StackOverflow (aka “SO”) is the best site on the net for asking and answering questions about programming. Not about the job of programming (there is another site in the same family) but specific problems in “how do I do this” in programming. One of the ways it became good and stays good is that when you ask or answer a question, other people can vote your question or answer up (or down) and you gain (or lose) “reputation” points. (In the early days of the site, I tried to get people to call them “XP” as we called experience points back when I played Dungeons and Dragons, but to no avail.) The points aren’t good for anything in the real world (except they’ve sent me a couple of free t-shirts because of my work there), but we geeks prize being ranked, and so getting more reputation is a desirable thing. Plus you get some more rights and privileges at certain XP levels.
Because I was active in the beta of SO, and it was in beta at a time when I was bored out of my mind at work, I have pretty high reputation. In the first year of the site, I was in the top 15 users, and I think I’m still in the top 150 or so. But when I look over my past contributions, I see a bit of a pattern – most of my points come from one of two types of responses: “Fastest Gun In the West” (FGITW), where I was the first person to answer a fairly trivial problem like “how do I count how many items in an array in perl” and “Crusty Old Guy Imparting His Wisdom To the Newbies” where I try to impart some of what I’ve learned in over 25 years of working in good places and bad places and places that leave you so bored you spend all your time on SO. There aren’t enough of my answers where I actually took some time and effort to research something, write some example code and test it, or generally did something that somebody else couldn’t have done just as well. And in a way, I feel like it’s almost too late to change that – there are so many people on SO answering questions that unless you have something really specific where you just solved a very difficult problem you were having on something very obscure, somebody else is going to have the same answer as you.

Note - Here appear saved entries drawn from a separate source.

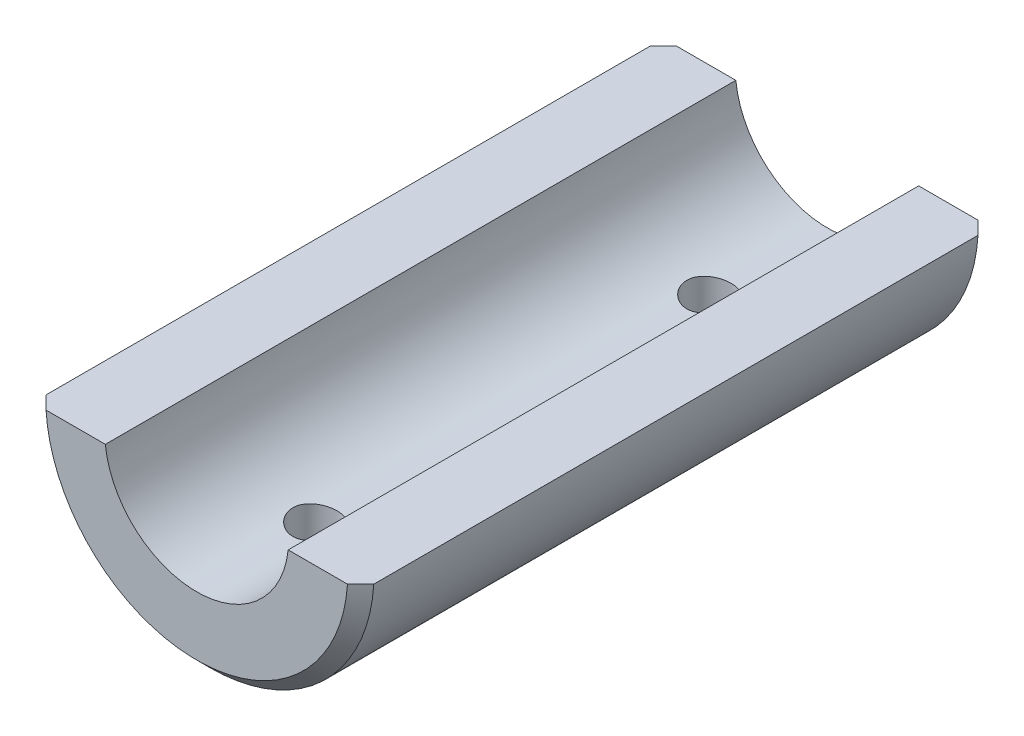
ISO-10303-21;
HEADER;
FILE_DESCRIPTION(('STEP AP214'),'2;1');
FILE_NAME('part.step','',(''),(''),'','','');
FILE_SCHEMA(('AUTOMOTIVE_DESIGN { 1 0 10303 214 1 1 1 1 }'));
ENDSEC;
DATA;
#1=APPLICATION_CONTEXT('core data for automotive mechanical design processes');
#2=APPLICATION_PROTOCOL_DEFINITION('international standard','automotive_design',2000,#1);
#3=PRODUCT_CONTEXT('',#1,'mechanical');
#4=PRODUCT('Part','Part','',(#3));
#5=PRODUCT_RELATED_PRODUCT_CATEGORY('part','',(#4));
#6=PRODUCT_DEFINITION_FORMATION('','',#4);
#7=PRODUCT_DEFINITION_CONTEXT('part definition',#1,'design');
#8=PRODUCT_DEFINITION('design','',#6,#7);
#9=PRODUCT_DEFINITION_SHAPE('','',#8);
#10=(LENGTH_UNIT() NAMED_UNIT(*) SI_UNIT(.MILLI.,.METRE.));
#11=(NAMED_UNIT(*) PLANE_ANGLE_UNIT() SI_UNIT($,.RADIAN.));
#12=(NAMED_UNIT(*) SI_UNIT($,.STERADIAN.) SOLID_ANGLE_UNIT());
#13=UNCERTAINTY_MEASURE_WITH_UNIT(LENGTH_MEASURE(1.E-05),#10,'distance_accuracy_value','');
#14=(GEOMETRIC_REPRESENTATION_CONTEXT(3) GLOBAL_UNCERTAINTY_ASSIGNED_CONTEXT((#13)) GLOBAL_UNIT_ASSIGNED_CONTEXT((#10,
#11,#12)) REPRESENTATION_CONTEXT('',''));
#15=CARTESIAN_POINT('',(0.,0.,0.));
#16=DIRECTION('',(0.,0.,1.));
#17=DIRECTION('',(1.,0.,0.));
#18=AXIS2_PLACEMENT_3D('',#15,#16,#17);
#19=CARTESIAN_POINT('',(0.,0.,96.));
#20=DIRECTION('',(0.,0.,-1.));
#21=DIRECTION('',(-1.,0.,0.));
#22=AXIS2_PLACEMENT_3D('',#19,#20,#21);
#23=CYLINDRICAL_SURFACE('',#22,14.);
#24=CARTESIAN_POINT('',(0.,-14.,21.375));
#25=CARTESIAN_POINT('',(-0.186684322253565,-13.9999967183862,21.3749943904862));
#26=CARTESIAN_POINT('',(-0.373432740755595,-13.9962285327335,21.3594584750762));
#27=CARTESIAN_POINT('',(-0.741591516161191,-13.9815612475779,21.2978098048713));
#28=CARTESIAN_POINT('',(-0.922998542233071,-13.970657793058,21.2516783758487));
#29=CARTESIAN_POINT('',(-1.27510361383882,-13.9429293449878,21.1303939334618));
#30=CARTESIAN_POINT('',(-1.44581376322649,-13.926111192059,21.0552744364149));
#31=CARTESIAN_POINT('',(-1.7722073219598,-13.8883515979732,20.8782607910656));
#32=CARTESIAN_POINT('',(-1.9278904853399,-13.8674100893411,20.7763662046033));
#33=CARTESIAN_POINT('',(-2.22280938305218,-13.8232327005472,20.5466217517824));
#34=CARTESIAN_POINT('',(-2.36171456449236,-13.799963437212,20.418353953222));
#35=CARTESIAN_POINT('',(-2.61626349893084,-13.7539788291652,20.1403996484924));
#36=CARTESIAN_POINT('',(-2.73190480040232,-13.7312635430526,19.9907108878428));
#37=CARTESIAN_POINT('',(-2.93816911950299,-13.6886245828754,19.6716337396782));
#38=CARTESIAN_POINT('',(-3.02842770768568,-13.668743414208,19.502003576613));
#39=CARTESIAN_POINT('',(-3.17902271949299,-13.6345083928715,19.1494223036));
#40=CARTESIAN_POINT('',(-3.23936356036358,-13.6201537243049,18.9664731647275));
#41=CARTESIAN_POINT('',(-3.32729300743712,-13.5989392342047,18.5960678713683));
#42=CARTESIAN_POINT('',(-3.35547331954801,-13.5919442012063,18.4087601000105));
#43=CARTESIAN_POINT('',(-3.38012392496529,-13.5858358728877,18.0319549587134));
#44=CARTESIAN_POINT('',(-3.3765989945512,-13.5867213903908,17.8424579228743));
#45=CARTESIAN_POINT('',(-3.33841247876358,-13.5961523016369,17.471146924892));
#46=CARTESIAN_POINT('',(-3.30445058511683,-13.6045255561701,17.2892559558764));
#47=CARTESIAN_POINT('',(-3.20746807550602,-13.6277148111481,16.9338322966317));
#48=CARTESIAN_POINT('',(-3.14444551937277,-13.6425312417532,16.7603001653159));
#49=CARTESIAN_POINT('',(-2.99052079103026,-13.6770988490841,16.4246169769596));
#50=CARTESIAN_POINT('',(-2.89936021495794,-13.6968954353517,16.2625892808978));
#51=CARTESIAN_POINT('',(-2.6919281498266,-13.7391664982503,15.9558773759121));
#52=CARTESIAN_POINT('',(-2.57565255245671,-13.7616414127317,15.8111960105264));
#53=CARTESIAN_POINT('',(-2.3176429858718,-13.8074657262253,15.5392682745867));
#54=CARTESIAN_POINT('',(-2.17531716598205,-13.8308225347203,15.4125840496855));
#55=CARTESIAN_POINT('',(-1.87116482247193,-13.8752414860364,15.1847792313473));
#56=CARTESIAN_POINT('',(-1.70933778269,-13.8963035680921,15.0836593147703));
#57=CARTESIAN_POINT('',(-1.37000932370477,-13.9338531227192,14.9096675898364));
#58=CARTESIAN_POINT('',(-1.19246214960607,-13.95032662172,14.8368818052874));
#59=CARTESIAN_POINT('',(-0.82716823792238,-13.9767407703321,14.7223423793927));
#60=CARTESIAN_POINT('',(-0.63942331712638,-13.9866825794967,14.6805832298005));
#61=CARTESIAN_POINT('',(-0.263874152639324,-13.9987435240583,14.6301287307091));
#62=CARTESIAN_POINT('',(-0.0761785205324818,-14.0010439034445,14.6206671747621));
#63=CARTESIAN_POINT('',(0.298113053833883,-13.9980765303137,14.6329823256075));
#64=CARTESIAN_POINT('',(0.48470908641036,-13.9928094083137,14.6547564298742));
#65=CARTESIAN_POINT('',(0.848879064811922,-13.9754144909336,14.7282919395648));
#66=CARTESIAN_POINT('',(1.02654137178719,-13.963381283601,14.7796401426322));
#67=CARTESIAN_POINT('',(1.37072476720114,-13.9338070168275,14.9103982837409));
#68=CARTESIAN_POINT('',(1.53724477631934,-13.9162654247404,14.9898109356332));
#69=CARTESIAN_POINT('',(1.85750116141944,-13.8771817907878,15.1759616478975));
#70=CARTESIAN_POINT('',(2.01097668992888,-13.8555776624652,15.2831351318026));
#71=CARTESIAN_POINT('',(2.29803782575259,-13.8108712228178,15.5212038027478));
#72=CARTESIAN_POINT('',(2.43162024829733,-13.7877686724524,15.652102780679));
#73=CARTESIAN_POINT('',(2.67822324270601,-13.7420244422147,15.9374531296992));
#74=CARTESIAN_POINT('',(2.79070820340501,-13.7194051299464,16.092371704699));
#75=CARTESIAN_POINT('',(2.98807774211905,-13.6777778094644,16.4193431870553));
#76=CARTESIAN_POINT('',(3.07296355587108,-13.6587696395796,16.5913953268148));
#77=CARTESIAN_POINT('',(3.21210478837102,-13.6267194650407,16.9468131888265));
#78=CARTESIAN_POINT('',(3.26654107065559,-13.6136423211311,17.1301047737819));
#79=CARTESIAN_POINT('',(3.34373365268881,-13.5948906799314,17.5035980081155));
#80=CARTESIAN_POINT('',(3.36649630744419,-13.5892146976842,17.6937982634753));
#81=CARTESIAN_POINT('',(3.37938125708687,-13.5860155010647,18.0702751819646));
#82=CARTESIAN_POINT('',(3.37035739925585,-13.5882790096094,18.2565212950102));
#83=CARTESIAN_POINT('',(3.3218661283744,-13.6002138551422,18.6247529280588));
#84=CARTESIAN_POINT('',(3.28239924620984,-13.6098850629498,18.8067385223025));
#85=CARTESIAN_POINT('',(3.17459316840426,-13.635431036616,19.160429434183));
#86=CARTESIAN_POINT('',(3.10640346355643,-13.6512736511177,19.332182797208));
#87=CARTESIAN_POINT('',(2.94320768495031,-13.6873840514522,19.6619289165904));
#88=CARTESIAN_POINT('',(2.84819815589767,-13.707652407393,19.8199198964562));
#89=CARTESIAN_POINT('',(2.63133680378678,-13.7509473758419,20.1218077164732));
#90=CARTESIAN_POINT('',(2.50888763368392,-13.7740291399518,20.2652676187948));
#91=CARTESIAN_POINT('',(2.24180110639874,-13.8200092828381,20.529881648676));
#92=CARTESIAN_POINT('',(2.09715853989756,-13.8429076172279,20.6510305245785));
#93=CARTESIAN_POINT('',(1.78690865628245,-13.8863914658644,20.8695248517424));
#94=CARTESIAN_POINT('',(1.62099457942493,-13.9069325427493,20.9664441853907));
#95=CARTESIAN_POINT('',(1.27475399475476,-13.9429263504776,21.1308617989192));
#96=CARTESIAN_POINT('',(1.09443847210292,-13.9583829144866,21.1983822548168));
#97=CARTESIAN_POINT('',(0.761903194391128,-13.980037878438,21.2914539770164));
#98=CARTESIAN_POINT('',(0.611337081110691,-13.9874738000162,21.3227184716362));
#99=CARTESIAN_POINT('',(0.307194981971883,-13.9974560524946,21.3644931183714));
#100=CARTESIAN_POINT('',(0.153619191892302,-14.0000027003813,21.3750046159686));
#101=CARTESIAN_POINT('',(0.,-14.,21.375));
#102=B_SPLINE_CURVE_WITH_KNOTS('',3,(#24,#25,#26,#27,#28,#29,#30,#31,#32,#33,#34,#35,#36,#37,
#38,#39,#40,#41,#42,#43,#44,#45,#46,#47,#48,#49,#50,#51,#52,#53,#54,#55,#56,#57,#58,#59,#60,#61,
#62,#63,#64,#65,#66,#67,#68,#69,#70,#71,#72,#73,#74,#75,#76,#77,#78,#79,#80,#81,#82,#83,#84,#85,
#86,#87,#88,#89,#90,#91,#92,#93,#94,#95,#96,#97,#98,#99,#100,#101),.UNSPECIFIED.,.T.,.F.,(4,2,2,
2,2,2,2,2,2,2,2,2,2,2,2,2,2,2,2,2,2,2,2,2,2,2,2,2,2,2,2,2,2,2,2,2,2,2,4),(0.,0.559490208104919,
1.11932222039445,1.67850887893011,2.23770468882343,2.80655967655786,3.37547457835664,
3.95218309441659,4.52880643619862,5.09464049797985,5.66038932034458,6.21345701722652,
6.76656164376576,7.32490491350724,7.8833395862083,8.45653974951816,9.02975508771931,
9.60469740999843,10.1795376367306,10.740642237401,11.3017000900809,11.8551028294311,
12.408559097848,12.9712858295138,13.5341025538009,14.1096957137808,14.6852630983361,
15.2573744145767,15.8293709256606,16.3861210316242,16.9428614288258,17.4967393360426,
18.050688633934,18.6181283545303,19.1857014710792,19.7626472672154,20.3391571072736,
20.7995814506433,21.2599759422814),.UNSPECIFIED.);
#103=CARTESIAN_POINT('',(0.,-14.,21.375));
#104=VERTEX_POINT('',#103);
#105=EDGE_CURVE('E99',#104,#104,#102,.T.);
#106=ORIENTED_EDGE('',*,*,#105,.T.);
#107=EDGE_LOOP('',(#106));
#108=FACE_BOUND('',#107,.T.);
#109=CARTESIAN_POINT('',(0.,-14.,81.375));
#110=CARTESIAN_POINT('',(-0.186684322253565,-13.9999967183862,81.3749943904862));
#111=CARTESIAN_POINT('',(-0.373432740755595,-13.9962285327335,81.3594584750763));
#112=CARTESIAN_POINT('',(-0.741591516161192,-13.9815612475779,81.2978098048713));
#113=CARTESIAN_POINT('',(-0.922998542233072,-13.970657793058,81.2516783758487));
#114=CARTESIAN_POINT('',(-1.27510361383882,-13.9429293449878,81.1303939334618));
#115=CARTESIAN_POINT('',(-1.4458137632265,-13.926111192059,81.0552744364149));
#116=CARTESIAN_POINT('',(-1.7722073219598,-13.8883515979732,80.8782607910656));
#117=CARTESIAN_POINT('',(-1.9278904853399,-13.8674100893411,80.7763662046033));
#118=CARTESIAN_POINT('',(-2.22280938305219,-13.8232327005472,80.5466217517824));
#119=CARTESIAN_POINT('',(-2.36171456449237,-13.799963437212,80.418353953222));
#120=CARTESIAN_POINT('',(-2.61626349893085,-13.7539788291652,80.1403996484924));
#121=CARTESIAN_POINT('',(-2.73190480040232,-13.7312635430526,79.9907108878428));
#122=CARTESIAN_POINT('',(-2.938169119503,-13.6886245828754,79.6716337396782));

So these days I try to resist the urge to answer the FGITW type questions. Instead I’ll put a comment after the question, and I’ll wait for the first couple of answers and see if I have anything to add, either in comments on the answers or by directly editing them (one of the privileges of high XP I mentioned earlier). I don’t care if I get points for them any more, I don’t want points for those sorts of answers. The other thing I do a lot of on the site these days is “patrolling” – looking for spam, stupid questions, joke answers, and the like, and voting to close them, voting them down or flagging them as spam or abuse, etc. I have considered running for the position of community moderator a few times, but in the last couple of elections they’ve demanded that you have done certain things on the Meta site, and I hate that place.
But of course, now that I’m trying to resist the urge to get meaningless XP for FGITW, I feel like everybody should have had the same revelation at the same time as me, so I have to resist the urge to tell people off for doing the same thing. I was actually prompted to make this blog post because I looked at a question a few hours ago, recognized it as a FGITW type question, and when I waited for answers, discovered that the first two were people like me, with +50K in XP. Hey, idiots, we know you’re smart, how about letting somebody who needs some XP have those points and do something to improve the site! It seems so obvious now that I’ve had the epiphany.